PROBLEM TO WORK ON: For the word "Resources", state the number of lines in the data that contain it, and nothing else.

[[ DATA TO PROCESS open ]]

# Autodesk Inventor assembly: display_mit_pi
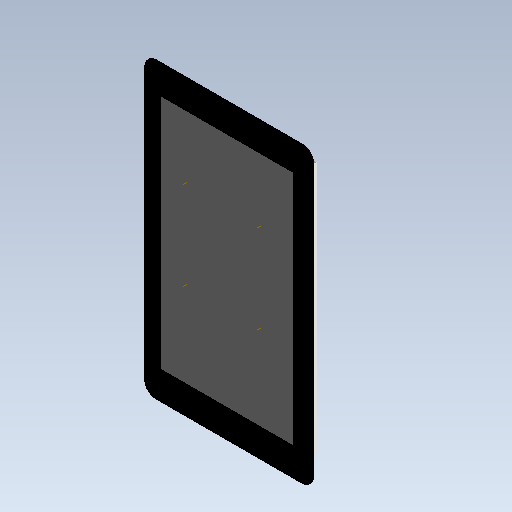
[picture p0: Inventor's stored thumbnail of the model, 512x512]
Saved by Autodesk Inventor 2021 (Build 250183000, 183)
## iProperties
Created: 2021-07-20
Part Number: display_mit_pi
Document SubType Name: Assembly
Designer: Simon
Author: Simon
## Documents named in this file (4)
- C:\WORK\MILK_COOLER\display_mit_pi.iam
- C:\WORK\MILK_COOLER\display.ipt
- C:\WORK\MILK_COOLER\raspberrypi\Raspberry Pi 3.iam
- C:\Users\simub\Documents\Inventor\Content Center Files\R2021\de-DE\AS 1427(01)\AS 1427 - M2.5 x 10(3).ipt
## Components (6 placed, 3 different names)
1. display:1 — Fluchtend:1, Fluchtend:2, Fluchtend:3, Passend:1, Passend:2, Passend:3
2. Raspberry Pi 3:1 [sub-assembly] — Passend:1, Passend:2, Passend:3, Einfügen:1, Einfügen:2, Einfügen:3, Einfügen:4
3. AS 1427 - Metrisch M2.5 x 10:1 — Einfügen:4
4. AS 1427 - Metrisch M2.5 x 10:2 — Einfügen:3
5. AS 1427 - Metrisch M2.5 x 10:3 — Einfügen:2
6. AS 1427 - Metrisch M2.5 x 10:4 — Einfügen:1
## Relationships (10: Insert 4, Flush 3, Mate 3)
- Fluchtend:1 [Flush]: display:1
- Fluchtend:2 [Flush]: display:1
- Fluchtend:3 [Flush]: display:1
- Passend:1 [Mate]: display:1 ↔ Raspberry Pi 3:1
- Passend:2 [Mate]: display:1 ↔ Raspberry Pi 3:1
- Passend:3 [Mate]: display:1 ↔ Raspberry Pi 3:1
- Einfügen:1 [Insert]: Raspberry Pi 3:1 ↔ AS 1427 - Metrisch M2.5 x 10:4
- Einfügen:2 [Insert]: Raspberry Pi 3:1 ↔ AS 1427 - Metrisch M2.5 x 10:3
- Einfügen:3 [Insert]: Raspberry Pi 3:1 ↔ AS 1427 - Metrisch M2.5 x 10:2
- Einfügen:4 [Insert]: Raspberry Pi 3:1 ↔ AS 1427 - Metrisch M2.5 x 10:1
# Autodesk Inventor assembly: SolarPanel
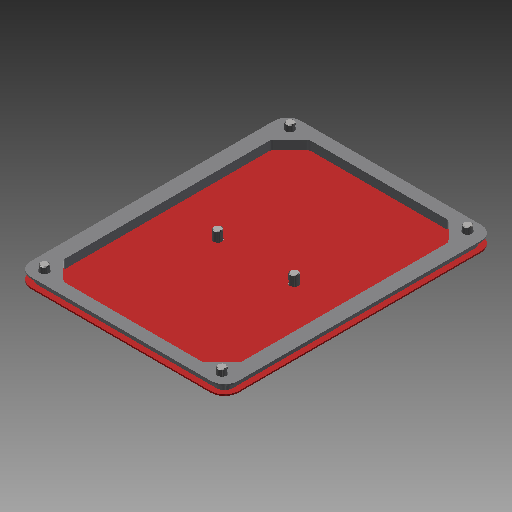
[picture p0: Inventor's stored thumbnail of the model, 512x512]
Saved by Autodesk Inventor 2018 (Build 220112000, 112)
## iProperties
Created: 2018-05-13
Part Number: SolarPanel
Document SubType Name: Assembly
Designer: Bradley
Author: Bradley
## Documents named in this file (6)
- D:\Users\Bradley\Documents\CougsInSpace\CougSat1-Hardware\CougSat1-PowerBoard\CADModel\Native\SolarPanel+Z.iam
- D:\Users\Bradley\Documents\CougsInSpace\CougSat1-Hardware\CougSat1-PowerBoard\CADModel\Native\SolarPanel_PCB.ipt
- D:\Users\Bradley\Documents\CougsInSpace\CougSat1-Hardware\CougSat1-PowerBoard\CADModel\Native\SolarPanel_CoilForm.ipt
- D:\Users\Bradley\Documents\CougsInSpace\Resources\ComponentModels\Electronics\SolarCell_UTJ.ipt
- D:\Users\Bradley\Documents\CougsInSpace\Resources\ComponentModels\Fasteners\Bolt_M3x0.35_6mm_BH.ipt
- D:\Users\Bradley\Documents\CougsInSpace\Resources\ComponentModels\Fasteners\Bolt_M3x0.35_4mm_BH.ipt
## Components (10 placed, 5 different names)
1. SolarPanel_CoilForm:1 — Insert:1, Insert:2
2. SolarPanel_PCB:1 — Insert:1, Insert:2, Insert:3, Insert:4, Insert:5, Insert:6, Insert:7, Insert:8, Mate:1, Mate:2
3. SolarCell_UTJ:1 — Mate:1, Flush:1, Flush:2
4. SolarCell_UTJ:2 — Mate:2, Mate:3, Mate:4
5. Bolt_M3x0.35_4mm_BH:1 — Insert:5
6. Bolt_M3x0.35_4mm_BH:2 — Insert:6
7. Bolt_M3x0.35_6mm_BH:3 — Insert:3
8. Bolt_M3x0.35_6mm_BH:4 — Insert:4
9. Bolt_M3x0.35_6mm_BH:1 — Insert:7
10. Bolt_M3x0.35_6mm_BH:2 — Insert:8
## Relationships (14: Insert 8, Mate 4, Flush 2)
- Insert:1: SolarPanel_CoilForm:1 ↔ SolarPanel_PCB:1
- Insert:2: SolarPanel_CoilForm:1 ↔ SolarPanel_PCB:1
- Insert:3: SolarPanel_PCB:1 ↔ Bolt_M3x0.35_6mm_BH:3
- Insert:4: SolarPanel_PCB:1 ↔ Bolt_M3x0.35_6mm_BH:4
- Insert:5: SolarPanel_PCB:1 ↔ Bolt_M3x0.35_4mm_BH:1
- Insert:6: SolarPanel_PCB:1 ↔ Bolt_M3x0.35_4mm_BH:2
- Insert:7: SolarPanel_PCB:1 ↔ Bolt_M3x0.35_6mm_BH:1
- Insert:8: SolarPanel_PCB:1 ↔ Bolt_M3x0.35_6mm_BH:2
- Mate:1: SolarPanel_PCB:1 ↔ SolarCell_UTJ:1
- Mate:2: SolarPanel_PCB:1 ↔ SolarCell_UTJ:2
- Flush:1: SolarCell_UTJ:1
- Mate:3: SolarCell_UTJ:2
- Mate:4 (5 mm): SolarCell_UTJ:2
- Flush:2 (5 mm): SolarCell_UTJ:1

[[ DATA TO PROCESS closed ]]

TASK ANSWER: 3